El arquitecto argentino, que hace quince años trabaja en la urbanización de las favelas de Río de Janeiro, dio una conferencia en el hotel 13 de Julio, invitado por Mar del Plata Veinte20, cuyo titular es Marcelo Artime.

 

La charla contó con una gran asistencia de público que se acercó a compartir los conceptos de Jáuregui, un rosarino que emigró a Brasil hace más de 30 años donde desarrolló el proyecto Favela Barrio que consiste en una serie de mejoras tendientes a urbanizar la favela, entre ellas el diseño de viviendas, espacios verdes, la construcción de calles y accesos, la instalación de medios de transporte, pavimentación, implementación de servicios de saneamiento y agua, y de espacios comunes como ramblas o bibliotecas.

 

En este marco, Marcelo Artime señaló que “lo invitamos desde Mar del Plata Veinte20 porque es una de las personas con más experiencia de América Latina en urbanización que es algo que nunca se hizo en la ciudad”.

 

“Estuvimos en Villa Evita, luego nos reunimos con el intendente Pulti, y tenemos el plan de seguir trabajando con Jorge aprovechando su experiencia de Río de Janeiro en Mar del Plata”, dijo.

 

En tanto, Jáuregui manifestó que “hay cuatro escalas de intervención urbana para articular la ciudad dividida. La pequeña, la media, la grande y la territorial.
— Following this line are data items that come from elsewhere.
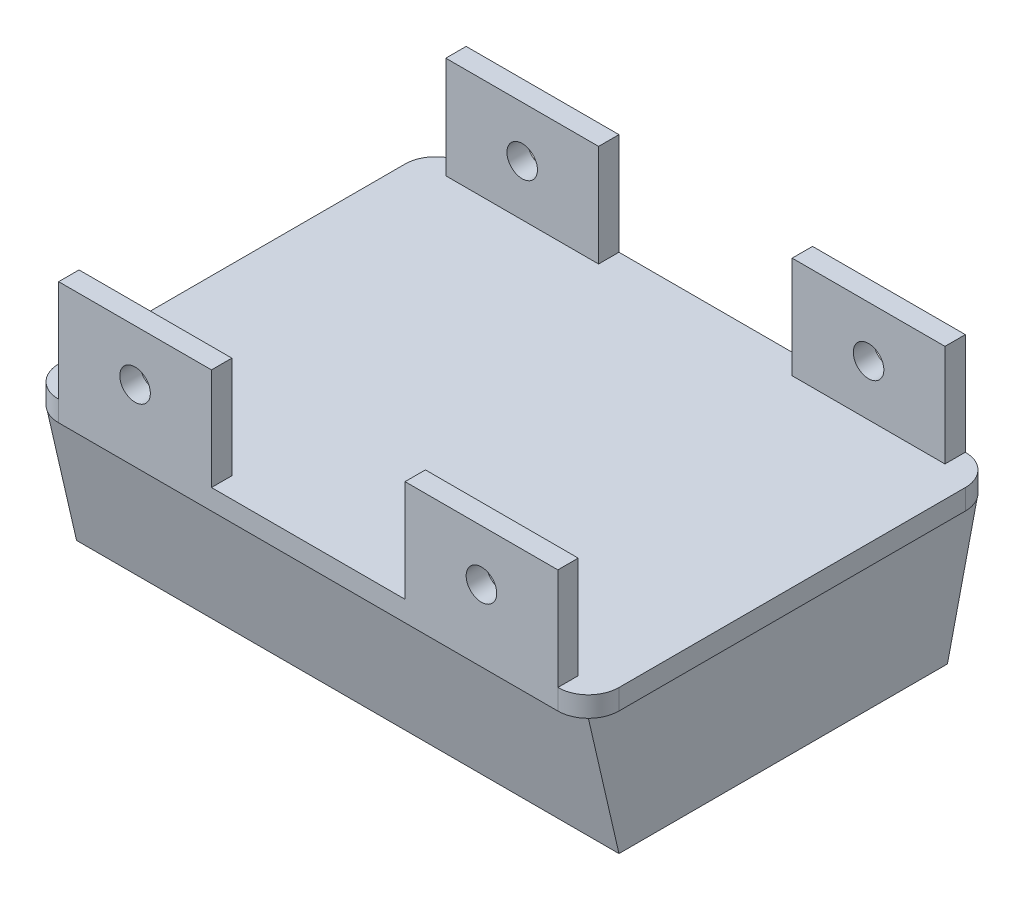
ISO-10303-21;
HEADER;
FILE_DESCRIPTION(('STEP AP214'),'2;1');
FILE_NAME('part.step','',(''),(''),'','','');
FILE_SCHEMA(('AUTOMOTIVE_DESIGN { 1 0 10303 214 1 1 1 1 }'));
ENDSEC;
DATA;
#1=APPLICATION_CONTEXT('core data for automotive mechanical design processes');
#2=APPLICATION_PROTOCOL_DEFINITION('international standard','automotive_design',2000,#1);
#3=PRODUCT_CONTEXT('',#1,'mechanical');
#4=PRODUCT('Part','Part','',(#3));
#5=PRODUCT_RELATED_PRODUCT_CATEGORY('part','',(#4));
#6=PRODUCT_DEFINITION_FORMATION('','',#4);
#7=PRODUCT_DEFINITION_CONTEXT('part definition',#1,'design');
#8=PRODUCT_DEFINITION('design','',#6,#7);
#9=PRODUCT_DEFINITION_SHAPE('','',#8);
#10=(LENGTH_UNIT() NAMED_UNIT(*) SI_UNIT(.MILLI.,.METRE.));
#11=(NAMED_UNIT(*) PLANE_ANGLE_UNIT() SI_UNIT($,.RADIAN.));
#12=(NAMED_UNIT(*) SI_UNIT($,.STERADIAN.) SOLID_ANGLE_UNIT());
#13=UNCERTAINTY_MEASURE_WITH_UNIT(LENGTH_MEASURE(1.E-05),#10,'distance_accuracy_value','');
#14=(GEOMETRIC_REPRESENTATION_CONTEXT(3) GLOBAL_UNCERTAINTY_ASSIGNED_CONTEXT((#13)) GLOBAL_UNIT_ASSIGNED_CONTEXT((#10,
#11,#12)) REPRESENTATION_CONTEXT('',''));
#15=CARTESIAN_POINT('',(0.,0.,0.));
#16=DIRECTION('',(0.,0.,1.));
#17=DIRECTION('',(1.,0.,0.));
#18=AXIS2_PLACEMENT_3D('',#15,#16,#17);
#19=CARTESIAN_POINT('',(8.81179653403585,-13.,22.752272724512));
#20=DIRECTION('',(1.,0.,0.));
#21=DIRECTION('',(0.,0.,-1.));
#22=AXIS2_PLACEMENT_3D('',#19,#20,#21);
#23=PLANE('',#22);
#24=DIRECTION('',(0.,-0.97439119569462,0.224859506698759));
#25=VECTOR('',#24,1.);
#26=CARTESIAN_POINT('',(8.81179653403585,-20.7217021730205,-10.7084366919102));
#27=LINE('',#26,#25);
#28=CARTESIAN_POINT('',(8.81179653403585,0.,-15.4903679626073));
#29=VERTEX_POINT('',#28);
#30=CARTESIAN_POINT('',(8.81179653403585,-13.,-12.4903679626073));
#31=VERTEX_POINT('',#30);
#32=EDGE_CURVE('E63',#29,#31,#27,.T.);
#33=ORIENTED_EDGE('',*,*,#32,.F.);
#34=DIRECTION('',(0.,0.,-1.));
#35=VECTOR('',#34,1.);
#36=CARTESIAN_POINT('',(8.81179653403585,0.,22.752272724512));
#37=LINE('',#36,#35);
#38=CARTESIAN_POINT('',(8.81179653403584,0.,22.752272724512));
#39=VERTEX_POINT('',#38);
#40=EDGE_CURVE('E238',#39,#29,#37,.T.);
#41=ORIENTED_EDGE('',*,*,#40,.F.);
#42=DIRECTION('',(0.,-0.97439119569462,-0.224859506698759));
#43=VECTOR('',#42,1.);
#44=CARTESIAN_POINT('',(8.81179653403585,-12.3426966292135,19.9039581177705));
#45=LINE('',#44,#43);
#46=CARTESIAN_POINT('',(8.81179653403585,-13.,19.752272724512));
#47=VERTEX_POINT('',#46);
#48=EDGE_CURVE('E219',#39,#47,#45,.T.);
#49=ORIENTED_EDGE('',*,*,#48,.T.);
#50=DIRECTION('',(0.,0.,-1.));
#51=VECTOR('',#50,1.);
#52=CARTESIAN_POINT('',(8.81179653403585,-13.,22.752272724512));
#53=LINE('',#52,#51);
#54=EDGE_CURVE('E227',#47,#31,#53,.T.);
#55=ORIENTED_EDGE('',*,*,#54,.T.);
#56=EDGE_LOOP('',(#33,#41,#49,#55));
#57=FACE_BOUND('',#56,.T.);
#58=ADVANCED_FACE('F40',(#57),#23,.T.);
#59=CARTESIAN_POINT('',(-44.4308441530834,-13.,22.752272724512));
#60=DIRECTION('',(1.,0.,0.));
#61=DIRECTION('',(0.,0.,-1.));
#62=AXIS2_PLACEMENT_3D('',#59,#60,#61);
#63=PLANE('',#62);
#64=DIRECTION('',(0.,0.,-1.));
#65=VECTOR('',#64,1.);
#66=CARTESIAN_POINT('',(-44.4308441530834,0.,22.752272724512));
#67=LINE('',#66,#65);
#68=CARTESIAN_POINT('',(-44.4308441530834,0.,22.752272724512));
#69=VERTEX_POINT('',#68);
#70=CARTESIAN_POINT('',(-44.4308441530834,0.,-15.4903679626073));
#71=VERTEX_POINT('',#70);
#72=EDGE_CURVE('E222',#69,#71,#67,.T.);
#73=ORIENTED_EDGE('',*,*,#72,.T.);
#74=DIRECTION('',(0.,0.97439119569462,-0.224859506698759));
#75=VECTOR('',#74,1.);
#76=CARTESIAN_POINT('',(-44.4308441530834,-13.,-12.4903679626073));
#77=LINE('',#76,#75);
#78=CARTESIAN_POINT('',(-44.4308441530834,-13.,-12.4903679626073));
#79=VERTEX_POINT('',#78);
#80=EDGE_CURVE('E211',#79,#71,#77,.T.);
#81=ORIENTED_EDGE('',*,*,#80,.F.);
#82=DIRECTION('',(0.,0.,-1.));
#83=VECTOR('',#82,1.);
#84=CARTESIAN_POINT('',(-44.4308441530834,-13.,22.752272724512));
#85=LINE('',#84,#83);
#86=CARTESIAN_POINT('',(-44.4308441530834,-13.,19.752272724512));
#87=VERTEX_POINT('',#86);
#88=EDGE_CURVE('E308',#87,#79,#85,.T.);
#89=ORIENTED_EDGE('',*,*,#88,.F.);
#90=DIRECTION('',(0.,0.97439119569462,0.224859506698759));
#91=VECTOR('',#90,1.);
#92=CARTESIAN_POINT('',(-44.4308441530834,-13.,19.752272724512));
#93=LINE('',#92,#91);
#94=EDGE_CURVE('E55',#87,#69,#93,.T.);
#95=ORIENTED_EDGE('',*,*,#94,.T.);
#96=EDGE_LOOP('',(#73,#81,#89,#95));
#97=FACE_BOUND('',#96,.T.);
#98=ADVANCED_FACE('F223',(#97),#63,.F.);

Para cada escala hay una metodología”.

 

“En Río, desde hace quince años, se desarrolló una técnica de intervención en las cuatro escalas de lo urbano. Para Mar del Plata puede ser muy interesante usar esa experiencia porque le permitirá no quemar las etapas que se quemaron allá y utilizar lo aprendido teniendo en cuenta lo que no se debe hacer”, sostuvo.

 

“Una mirada que busca conectar lo que está desconectado”

 

¿Cómo es trabajar en las favelas? “Hace quince años que trabajamos. Se trata de articular diferencias que significa hacer conexiones entre lo que está dividido, entre los fragmentos, los pedazos de ciudad que flotan en un mar que podríamos llamar el magma de lo urbano”, explicó.

 

“El magma de lo socio espacial –continuó- es justamente el hecho de cómo una sociedad se apropia de un territorio. Había un filósofo francés, Henri Lefebvre, que decía que una ciudad es la proyección social de una sociedad sobre el terreno. Y, cuando uno mira esa ciudad, puede entender cómo son las relaciones sociales macro. Es decir, donde están las partes privilegiadas y las excluidas. Mar del Plata, como cualquier otra ciudad latinoamericana, tiene partes que deben ser articuladas, incluidas dentro de los beneficios de la urbanidad. Básicamente es eso, una mirada que busca conectar lo que está desconectado”, graficó.

 

Tras aclarar que el urbanismo no resuelve los problemas sociales, manifestó que “ayuda a ponerlos en valor. Por ejemplo: tiende a que todas las partes de la ciudad tengan ciudad, urbanidad y espacio público de calidad. Sin proyecto de urbanización se actúa fragmentariamente. Un proyecto es una idea general de la ciudad que se quiere y los pasos para alcanzarla”.

 

Al ser consultado sobre cómo trabajar con esta herramienta en Mar del Plata, expresó que “habría que empezar por densificar, compactar, evitar que se continúe extendiendo la ciudad, la infraestructura y el desparramo urbano. Para eso, hay que generar una ciudad conectiva, compacta, multifuncional y multisectorial. O sea, hace falta superar la división impuesta por una categoría socioeconómica que ocupa un territorio extensivamente. Hay que mezclar los sectores socioeconómicos para tener una sociedad y una ciudad variada, rica, conectiva e inclusivista”.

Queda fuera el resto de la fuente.